┌─ Data to process

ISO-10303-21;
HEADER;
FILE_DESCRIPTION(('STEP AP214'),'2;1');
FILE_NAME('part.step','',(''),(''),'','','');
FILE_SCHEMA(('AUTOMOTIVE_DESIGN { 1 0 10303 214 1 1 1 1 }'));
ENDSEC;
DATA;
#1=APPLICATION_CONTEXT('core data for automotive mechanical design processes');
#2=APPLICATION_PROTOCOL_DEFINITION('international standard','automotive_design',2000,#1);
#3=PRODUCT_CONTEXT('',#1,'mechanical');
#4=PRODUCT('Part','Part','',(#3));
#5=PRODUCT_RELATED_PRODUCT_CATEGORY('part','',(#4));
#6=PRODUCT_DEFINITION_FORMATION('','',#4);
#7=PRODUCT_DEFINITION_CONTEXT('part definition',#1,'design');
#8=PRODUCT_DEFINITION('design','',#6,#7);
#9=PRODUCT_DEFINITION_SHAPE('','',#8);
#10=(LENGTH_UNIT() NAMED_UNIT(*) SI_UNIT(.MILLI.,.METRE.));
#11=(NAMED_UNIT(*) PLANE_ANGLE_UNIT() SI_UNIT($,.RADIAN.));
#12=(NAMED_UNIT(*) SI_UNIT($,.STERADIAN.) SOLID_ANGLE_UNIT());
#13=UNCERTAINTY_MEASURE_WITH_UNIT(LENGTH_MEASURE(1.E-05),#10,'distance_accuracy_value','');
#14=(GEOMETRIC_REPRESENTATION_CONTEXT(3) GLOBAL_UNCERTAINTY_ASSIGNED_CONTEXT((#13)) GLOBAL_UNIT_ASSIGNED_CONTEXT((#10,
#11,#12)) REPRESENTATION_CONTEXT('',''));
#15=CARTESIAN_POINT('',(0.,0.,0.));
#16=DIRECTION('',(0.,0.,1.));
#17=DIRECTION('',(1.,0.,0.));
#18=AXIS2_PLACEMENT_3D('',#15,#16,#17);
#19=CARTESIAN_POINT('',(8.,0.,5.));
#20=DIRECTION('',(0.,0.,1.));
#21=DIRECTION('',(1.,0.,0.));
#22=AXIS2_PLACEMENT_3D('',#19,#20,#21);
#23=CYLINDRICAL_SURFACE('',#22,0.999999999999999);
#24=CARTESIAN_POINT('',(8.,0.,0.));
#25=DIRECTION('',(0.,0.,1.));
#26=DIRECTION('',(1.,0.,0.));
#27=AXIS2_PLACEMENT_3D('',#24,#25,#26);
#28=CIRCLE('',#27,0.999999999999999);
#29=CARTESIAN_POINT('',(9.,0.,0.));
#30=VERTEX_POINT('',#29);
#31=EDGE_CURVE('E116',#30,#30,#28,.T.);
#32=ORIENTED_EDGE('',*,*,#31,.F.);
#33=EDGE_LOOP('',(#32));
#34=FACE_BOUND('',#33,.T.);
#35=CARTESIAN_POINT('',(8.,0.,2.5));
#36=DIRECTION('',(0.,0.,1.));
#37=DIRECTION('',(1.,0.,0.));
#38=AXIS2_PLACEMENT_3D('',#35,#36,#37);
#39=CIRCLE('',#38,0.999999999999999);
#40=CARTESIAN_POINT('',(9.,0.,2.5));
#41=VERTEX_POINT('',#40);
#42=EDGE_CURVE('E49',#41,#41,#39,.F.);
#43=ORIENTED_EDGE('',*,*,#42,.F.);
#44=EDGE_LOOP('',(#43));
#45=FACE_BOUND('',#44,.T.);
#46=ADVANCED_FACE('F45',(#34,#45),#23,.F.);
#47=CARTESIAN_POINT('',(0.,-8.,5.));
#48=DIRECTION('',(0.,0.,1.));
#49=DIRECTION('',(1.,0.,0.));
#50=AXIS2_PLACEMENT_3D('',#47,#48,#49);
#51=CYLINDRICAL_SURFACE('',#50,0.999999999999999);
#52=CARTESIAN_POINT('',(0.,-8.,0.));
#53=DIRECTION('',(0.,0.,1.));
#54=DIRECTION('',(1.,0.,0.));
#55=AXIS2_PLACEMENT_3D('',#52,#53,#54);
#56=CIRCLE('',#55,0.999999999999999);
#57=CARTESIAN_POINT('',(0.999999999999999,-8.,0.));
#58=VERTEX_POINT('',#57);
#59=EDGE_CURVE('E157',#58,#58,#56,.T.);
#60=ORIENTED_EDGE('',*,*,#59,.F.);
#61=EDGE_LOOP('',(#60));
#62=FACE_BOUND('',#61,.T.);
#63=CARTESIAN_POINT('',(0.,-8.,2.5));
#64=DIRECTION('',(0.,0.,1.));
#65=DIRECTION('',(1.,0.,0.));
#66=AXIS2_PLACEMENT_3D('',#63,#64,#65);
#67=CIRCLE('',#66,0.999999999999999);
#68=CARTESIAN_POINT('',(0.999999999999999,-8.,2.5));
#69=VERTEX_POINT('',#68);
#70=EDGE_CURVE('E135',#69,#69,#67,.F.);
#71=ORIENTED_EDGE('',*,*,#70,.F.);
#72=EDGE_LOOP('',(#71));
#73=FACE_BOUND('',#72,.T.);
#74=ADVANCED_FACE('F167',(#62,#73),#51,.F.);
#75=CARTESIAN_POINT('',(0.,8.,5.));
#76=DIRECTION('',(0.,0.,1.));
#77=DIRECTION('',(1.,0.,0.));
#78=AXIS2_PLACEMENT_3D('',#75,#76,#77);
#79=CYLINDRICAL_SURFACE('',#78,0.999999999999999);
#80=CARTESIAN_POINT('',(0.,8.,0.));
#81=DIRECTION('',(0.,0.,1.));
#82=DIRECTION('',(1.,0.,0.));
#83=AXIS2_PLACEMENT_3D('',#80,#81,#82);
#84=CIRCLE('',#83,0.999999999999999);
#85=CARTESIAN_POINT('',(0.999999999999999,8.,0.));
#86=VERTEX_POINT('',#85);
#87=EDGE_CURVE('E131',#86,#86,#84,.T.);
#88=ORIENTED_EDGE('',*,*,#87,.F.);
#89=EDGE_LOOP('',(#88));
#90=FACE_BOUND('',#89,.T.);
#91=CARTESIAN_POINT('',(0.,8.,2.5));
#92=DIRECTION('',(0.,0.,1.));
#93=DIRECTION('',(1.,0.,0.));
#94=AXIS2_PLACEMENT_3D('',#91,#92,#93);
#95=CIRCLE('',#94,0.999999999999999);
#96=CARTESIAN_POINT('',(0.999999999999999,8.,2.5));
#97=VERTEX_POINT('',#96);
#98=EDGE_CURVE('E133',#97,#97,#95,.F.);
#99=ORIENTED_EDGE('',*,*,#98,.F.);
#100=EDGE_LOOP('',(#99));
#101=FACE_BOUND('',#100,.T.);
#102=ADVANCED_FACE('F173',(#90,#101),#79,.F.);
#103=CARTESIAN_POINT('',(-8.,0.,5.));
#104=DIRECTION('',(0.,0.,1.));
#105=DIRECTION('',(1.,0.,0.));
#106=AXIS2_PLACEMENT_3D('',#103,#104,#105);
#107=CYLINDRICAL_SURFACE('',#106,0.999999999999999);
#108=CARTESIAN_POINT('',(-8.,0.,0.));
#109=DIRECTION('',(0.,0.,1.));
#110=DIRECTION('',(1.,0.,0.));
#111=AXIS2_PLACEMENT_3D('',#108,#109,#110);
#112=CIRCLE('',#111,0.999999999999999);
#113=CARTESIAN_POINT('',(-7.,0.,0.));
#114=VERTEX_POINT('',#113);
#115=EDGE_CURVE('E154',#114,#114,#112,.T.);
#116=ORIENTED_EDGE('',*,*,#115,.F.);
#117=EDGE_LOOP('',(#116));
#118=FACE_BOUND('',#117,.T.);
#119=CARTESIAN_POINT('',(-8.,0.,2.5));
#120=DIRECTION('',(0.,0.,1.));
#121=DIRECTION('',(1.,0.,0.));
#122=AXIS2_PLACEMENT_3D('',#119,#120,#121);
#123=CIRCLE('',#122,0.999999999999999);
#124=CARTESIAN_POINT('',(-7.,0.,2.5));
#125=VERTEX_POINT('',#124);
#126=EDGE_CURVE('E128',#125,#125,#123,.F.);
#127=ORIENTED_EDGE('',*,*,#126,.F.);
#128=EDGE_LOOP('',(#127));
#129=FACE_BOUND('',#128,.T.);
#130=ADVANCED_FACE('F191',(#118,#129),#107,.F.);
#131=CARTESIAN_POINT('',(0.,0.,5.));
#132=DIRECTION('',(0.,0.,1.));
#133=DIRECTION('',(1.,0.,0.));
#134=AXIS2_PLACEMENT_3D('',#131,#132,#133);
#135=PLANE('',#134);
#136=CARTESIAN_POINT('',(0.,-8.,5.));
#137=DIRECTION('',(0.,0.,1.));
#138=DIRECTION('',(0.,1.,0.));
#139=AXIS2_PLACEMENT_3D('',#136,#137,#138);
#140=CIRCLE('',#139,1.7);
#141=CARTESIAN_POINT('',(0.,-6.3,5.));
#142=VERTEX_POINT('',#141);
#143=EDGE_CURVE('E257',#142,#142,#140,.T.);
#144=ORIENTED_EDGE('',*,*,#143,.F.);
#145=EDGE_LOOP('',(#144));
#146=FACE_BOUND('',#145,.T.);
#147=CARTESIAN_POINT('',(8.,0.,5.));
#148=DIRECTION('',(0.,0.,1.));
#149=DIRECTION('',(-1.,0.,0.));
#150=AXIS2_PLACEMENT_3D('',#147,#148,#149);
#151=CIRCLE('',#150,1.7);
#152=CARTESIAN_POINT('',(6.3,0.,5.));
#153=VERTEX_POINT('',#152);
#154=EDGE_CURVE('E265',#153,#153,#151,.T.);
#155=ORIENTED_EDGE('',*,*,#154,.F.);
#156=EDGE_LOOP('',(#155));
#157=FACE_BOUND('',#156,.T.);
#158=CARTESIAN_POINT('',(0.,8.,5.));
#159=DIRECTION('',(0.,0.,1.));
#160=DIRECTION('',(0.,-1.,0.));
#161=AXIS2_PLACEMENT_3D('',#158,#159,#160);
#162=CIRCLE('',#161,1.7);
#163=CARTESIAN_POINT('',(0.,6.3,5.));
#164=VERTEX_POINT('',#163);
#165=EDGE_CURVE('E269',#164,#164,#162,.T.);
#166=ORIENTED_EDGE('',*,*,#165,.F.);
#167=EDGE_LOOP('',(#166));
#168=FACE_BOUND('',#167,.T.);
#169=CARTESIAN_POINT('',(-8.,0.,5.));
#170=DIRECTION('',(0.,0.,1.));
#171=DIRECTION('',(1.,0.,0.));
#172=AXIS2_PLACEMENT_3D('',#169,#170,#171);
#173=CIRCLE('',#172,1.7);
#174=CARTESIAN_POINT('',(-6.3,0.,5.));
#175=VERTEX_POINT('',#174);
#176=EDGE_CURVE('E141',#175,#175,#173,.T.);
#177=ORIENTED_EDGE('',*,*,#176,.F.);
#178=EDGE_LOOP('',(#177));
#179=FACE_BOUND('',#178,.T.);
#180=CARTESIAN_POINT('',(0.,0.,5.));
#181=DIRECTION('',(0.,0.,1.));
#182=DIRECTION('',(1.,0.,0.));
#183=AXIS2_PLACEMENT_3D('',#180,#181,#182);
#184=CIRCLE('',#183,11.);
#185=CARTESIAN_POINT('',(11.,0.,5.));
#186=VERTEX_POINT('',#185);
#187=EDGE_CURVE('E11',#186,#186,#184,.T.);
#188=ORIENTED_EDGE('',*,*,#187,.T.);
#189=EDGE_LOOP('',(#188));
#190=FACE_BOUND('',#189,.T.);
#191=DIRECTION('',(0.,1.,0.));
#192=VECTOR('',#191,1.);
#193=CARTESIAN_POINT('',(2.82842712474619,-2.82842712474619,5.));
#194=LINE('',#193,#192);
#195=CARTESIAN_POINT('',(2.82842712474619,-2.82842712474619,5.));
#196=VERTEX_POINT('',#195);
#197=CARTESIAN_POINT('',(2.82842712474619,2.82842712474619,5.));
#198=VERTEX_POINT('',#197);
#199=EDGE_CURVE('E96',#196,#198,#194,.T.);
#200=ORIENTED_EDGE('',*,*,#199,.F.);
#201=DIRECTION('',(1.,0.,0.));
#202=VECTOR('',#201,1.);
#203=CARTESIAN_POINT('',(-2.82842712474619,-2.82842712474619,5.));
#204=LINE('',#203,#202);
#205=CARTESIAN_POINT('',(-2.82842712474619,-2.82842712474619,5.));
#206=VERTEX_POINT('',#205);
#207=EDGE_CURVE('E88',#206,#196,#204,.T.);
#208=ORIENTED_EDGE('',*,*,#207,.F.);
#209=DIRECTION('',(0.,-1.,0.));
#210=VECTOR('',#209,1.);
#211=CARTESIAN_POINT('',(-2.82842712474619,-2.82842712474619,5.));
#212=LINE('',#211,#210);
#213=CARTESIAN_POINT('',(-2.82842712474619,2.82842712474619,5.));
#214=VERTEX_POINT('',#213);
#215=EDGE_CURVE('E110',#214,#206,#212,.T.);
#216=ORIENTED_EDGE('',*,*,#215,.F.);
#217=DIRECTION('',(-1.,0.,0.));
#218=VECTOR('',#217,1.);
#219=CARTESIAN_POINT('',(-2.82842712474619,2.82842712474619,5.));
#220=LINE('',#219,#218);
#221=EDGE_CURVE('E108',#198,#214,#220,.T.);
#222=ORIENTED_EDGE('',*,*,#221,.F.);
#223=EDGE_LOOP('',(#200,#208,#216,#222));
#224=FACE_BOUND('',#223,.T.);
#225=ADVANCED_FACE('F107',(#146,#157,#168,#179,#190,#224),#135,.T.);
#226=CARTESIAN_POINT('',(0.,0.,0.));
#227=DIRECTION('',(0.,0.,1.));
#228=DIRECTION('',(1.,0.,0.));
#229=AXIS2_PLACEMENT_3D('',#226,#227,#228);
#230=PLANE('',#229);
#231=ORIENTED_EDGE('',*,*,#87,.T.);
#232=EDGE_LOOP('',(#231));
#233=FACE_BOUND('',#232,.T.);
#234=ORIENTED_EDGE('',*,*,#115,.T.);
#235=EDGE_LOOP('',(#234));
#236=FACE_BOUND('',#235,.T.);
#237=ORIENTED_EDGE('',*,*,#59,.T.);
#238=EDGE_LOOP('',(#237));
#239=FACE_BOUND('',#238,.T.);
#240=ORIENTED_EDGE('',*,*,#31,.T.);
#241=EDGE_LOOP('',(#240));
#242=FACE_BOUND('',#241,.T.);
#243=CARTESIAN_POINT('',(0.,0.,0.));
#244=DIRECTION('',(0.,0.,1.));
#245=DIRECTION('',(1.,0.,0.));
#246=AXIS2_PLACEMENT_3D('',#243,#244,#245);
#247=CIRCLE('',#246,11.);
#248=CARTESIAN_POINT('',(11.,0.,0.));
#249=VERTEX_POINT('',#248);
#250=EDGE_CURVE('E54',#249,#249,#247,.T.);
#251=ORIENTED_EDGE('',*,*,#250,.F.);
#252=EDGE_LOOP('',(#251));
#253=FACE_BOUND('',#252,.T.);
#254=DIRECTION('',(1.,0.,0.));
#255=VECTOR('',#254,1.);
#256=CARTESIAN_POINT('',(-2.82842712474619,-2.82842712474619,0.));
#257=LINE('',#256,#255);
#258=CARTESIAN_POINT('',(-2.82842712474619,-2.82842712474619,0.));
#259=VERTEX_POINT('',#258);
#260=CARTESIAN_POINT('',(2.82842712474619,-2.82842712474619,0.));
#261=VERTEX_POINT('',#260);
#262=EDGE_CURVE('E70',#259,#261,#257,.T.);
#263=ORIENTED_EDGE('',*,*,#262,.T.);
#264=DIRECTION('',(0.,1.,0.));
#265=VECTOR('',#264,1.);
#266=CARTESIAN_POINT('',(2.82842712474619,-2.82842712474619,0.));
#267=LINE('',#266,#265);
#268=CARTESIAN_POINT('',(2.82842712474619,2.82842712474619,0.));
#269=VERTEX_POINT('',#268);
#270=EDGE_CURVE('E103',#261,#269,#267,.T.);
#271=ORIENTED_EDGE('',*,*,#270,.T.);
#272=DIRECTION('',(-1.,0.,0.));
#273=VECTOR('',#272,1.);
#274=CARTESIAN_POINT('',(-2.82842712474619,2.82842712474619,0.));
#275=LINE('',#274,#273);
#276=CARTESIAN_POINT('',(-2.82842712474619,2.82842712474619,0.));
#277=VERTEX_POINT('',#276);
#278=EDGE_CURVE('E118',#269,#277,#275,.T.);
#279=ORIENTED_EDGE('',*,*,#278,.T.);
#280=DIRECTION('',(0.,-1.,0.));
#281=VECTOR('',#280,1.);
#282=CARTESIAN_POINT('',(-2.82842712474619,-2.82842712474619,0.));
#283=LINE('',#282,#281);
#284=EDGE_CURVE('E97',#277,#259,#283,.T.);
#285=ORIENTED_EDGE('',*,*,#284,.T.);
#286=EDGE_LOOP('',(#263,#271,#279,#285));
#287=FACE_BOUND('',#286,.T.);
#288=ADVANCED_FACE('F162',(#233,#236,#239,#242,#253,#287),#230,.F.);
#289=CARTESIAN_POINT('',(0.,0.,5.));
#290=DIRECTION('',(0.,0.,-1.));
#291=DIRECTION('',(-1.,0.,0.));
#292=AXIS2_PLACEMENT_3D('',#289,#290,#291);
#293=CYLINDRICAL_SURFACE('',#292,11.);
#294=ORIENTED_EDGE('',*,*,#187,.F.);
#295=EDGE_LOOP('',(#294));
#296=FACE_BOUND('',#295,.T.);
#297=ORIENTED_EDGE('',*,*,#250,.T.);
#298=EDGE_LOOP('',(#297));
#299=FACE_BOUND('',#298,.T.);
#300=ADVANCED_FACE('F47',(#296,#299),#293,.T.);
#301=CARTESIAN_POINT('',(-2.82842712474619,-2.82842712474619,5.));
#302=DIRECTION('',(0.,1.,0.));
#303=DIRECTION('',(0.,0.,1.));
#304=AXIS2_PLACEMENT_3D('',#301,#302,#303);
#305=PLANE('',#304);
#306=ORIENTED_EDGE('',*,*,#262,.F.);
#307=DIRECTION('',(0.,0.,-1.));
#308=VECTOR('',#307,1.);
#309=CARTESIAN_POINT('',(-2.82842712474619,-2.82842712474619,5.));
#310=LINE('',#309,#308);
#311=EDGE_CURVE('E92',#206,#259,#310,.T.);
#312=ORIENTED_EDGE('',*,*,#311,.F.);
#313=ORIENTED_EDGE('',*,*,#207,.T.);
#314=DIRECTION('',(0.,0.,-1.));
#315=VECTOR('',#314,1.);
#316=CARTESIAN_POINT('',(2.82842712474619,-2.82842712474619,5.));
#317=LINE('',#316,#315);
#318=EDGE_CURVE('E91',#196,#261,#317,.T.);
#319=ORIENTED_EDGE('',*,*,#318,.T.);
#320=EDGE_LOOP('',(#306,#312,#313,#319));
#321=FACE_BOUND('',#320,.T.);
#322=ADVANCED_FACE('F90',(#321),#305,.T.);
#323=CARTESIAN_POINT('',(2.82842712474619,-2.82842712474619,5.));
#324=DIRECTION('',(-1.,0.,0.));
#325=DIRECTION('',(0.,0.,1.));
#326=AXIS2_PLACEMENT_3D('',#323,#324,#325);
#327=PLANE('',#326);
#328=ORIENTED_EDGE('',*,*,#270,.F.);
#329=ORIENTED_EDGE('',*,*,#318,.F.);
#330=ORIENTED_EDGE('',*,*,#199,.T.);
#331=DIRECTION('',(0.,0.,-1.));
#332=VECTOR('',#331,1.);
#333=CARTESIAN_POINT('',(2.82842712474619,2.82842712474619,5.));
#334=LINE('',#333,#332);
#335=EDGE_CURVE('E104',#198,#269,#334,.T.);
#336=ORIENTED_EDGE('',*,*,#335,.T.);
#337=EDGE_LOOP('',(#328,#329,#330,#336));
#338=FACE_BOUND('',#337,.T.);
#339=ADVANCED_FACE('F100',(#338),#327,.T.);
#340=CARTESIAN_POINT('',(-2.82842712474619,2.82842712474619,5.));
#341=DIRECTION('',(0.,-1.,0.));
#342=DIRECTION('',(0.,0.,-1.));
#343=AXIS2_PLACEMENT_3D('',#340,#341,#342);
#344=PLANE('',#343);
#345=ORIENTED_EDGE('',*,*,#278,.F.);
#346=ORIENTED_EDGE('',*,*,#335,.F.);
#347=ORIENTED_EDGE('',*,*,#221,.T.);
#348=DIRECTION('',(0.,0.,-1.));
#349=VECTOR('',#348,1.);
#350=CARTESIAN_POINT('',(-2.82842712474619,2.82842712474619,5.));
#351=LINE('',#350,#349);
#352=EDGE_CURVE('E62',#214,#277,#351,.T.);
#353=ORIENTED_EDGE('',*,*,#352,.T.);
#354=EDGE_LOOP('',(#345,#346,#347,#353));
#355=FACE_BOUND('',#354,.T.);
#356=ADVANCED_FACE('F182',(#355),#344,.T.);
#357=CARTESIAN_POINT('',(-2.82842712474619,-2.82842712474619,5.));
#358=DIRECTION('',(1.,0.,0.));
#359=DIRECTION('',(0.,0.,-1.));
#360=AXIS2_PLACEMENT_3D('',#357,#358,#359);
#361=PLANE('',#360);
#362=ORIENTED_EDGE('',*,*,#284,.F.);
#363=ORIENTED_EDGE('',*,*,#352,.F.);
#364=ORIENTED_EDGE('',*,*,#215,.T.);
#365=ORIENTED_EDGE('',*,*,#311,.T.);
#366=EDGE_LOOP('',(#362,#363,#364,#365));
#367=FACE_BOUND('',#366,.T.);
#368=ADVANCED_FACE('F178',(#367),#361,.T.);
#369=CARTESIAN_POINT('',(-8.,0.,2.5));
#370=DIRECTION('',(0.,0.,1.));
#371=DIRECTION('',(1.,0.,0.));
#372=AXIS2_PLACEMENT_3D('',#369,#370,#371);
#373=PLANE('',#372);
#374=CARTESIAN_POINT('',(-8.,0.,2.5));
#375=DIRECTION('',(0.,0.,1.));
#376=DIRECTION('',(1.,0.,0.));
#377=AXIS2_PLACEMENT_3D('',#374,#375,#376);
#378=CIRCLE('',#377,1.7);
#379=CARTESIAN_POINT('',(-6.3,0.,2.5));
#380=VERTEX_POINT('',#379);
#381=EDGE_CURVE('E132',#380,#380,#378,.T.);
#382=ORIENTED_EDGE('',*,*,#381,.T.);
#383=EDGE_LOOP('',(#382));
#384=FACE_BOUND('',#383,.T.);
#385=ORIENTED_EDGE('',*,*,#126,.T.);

└─

Above are the entries. Output exactly the lines beginning with the line that has "#247=CIRCLE('',#246,11.);" and ending with the line that has "#267=LINE('',#266,#265);".

_Output for this task:_
#247=CIRCLE('',#246,11.);
#248=CARTESIAN_POINT('',(11.,0.,0.));
#249=VERTEX_POINT('',#248);
#250=EDGE_CURVE('E54',#249,#249,#247,.T.);
#251=ORIENTED_EDGE('',*,*,#250,.F.);
#252=EDGE_LOOP('',(#251));
#253=FACE_BOUND('',#252,.T.);
#254=DIRECTION('',(1.,0.,0.));
#255=VECTOR('',#254,1.);
#256=CARTESIAN_POINT('',(-2.82842712474619,-2.82842712474619,0.));
#257=LINE('',#256,#255);
#258=CARTESIAN_POINT('',(-2.82842712474619,-2.82842712474619,0.));
#259=VERTEX_POINT('',#258);
#260=CARTESIAN_POINT('',(2.82842712474619,-2.82842712474619,0.));
#261=VERTEX_POINT('',#260);
#262=EDGE_CURVE('E70',#259,#261,#257,.T.);
#263=ORIENTED_EDGE('',*,*,#262,.T.);
#264=DIRECTION('',(0.,1.,0.));
#265=VECTOR('',#264,1.);
#266=CARTESIAN_POINT('',(2.82842712474619,-2.82842712474619,0.));
#267=LINE('',#266,#265);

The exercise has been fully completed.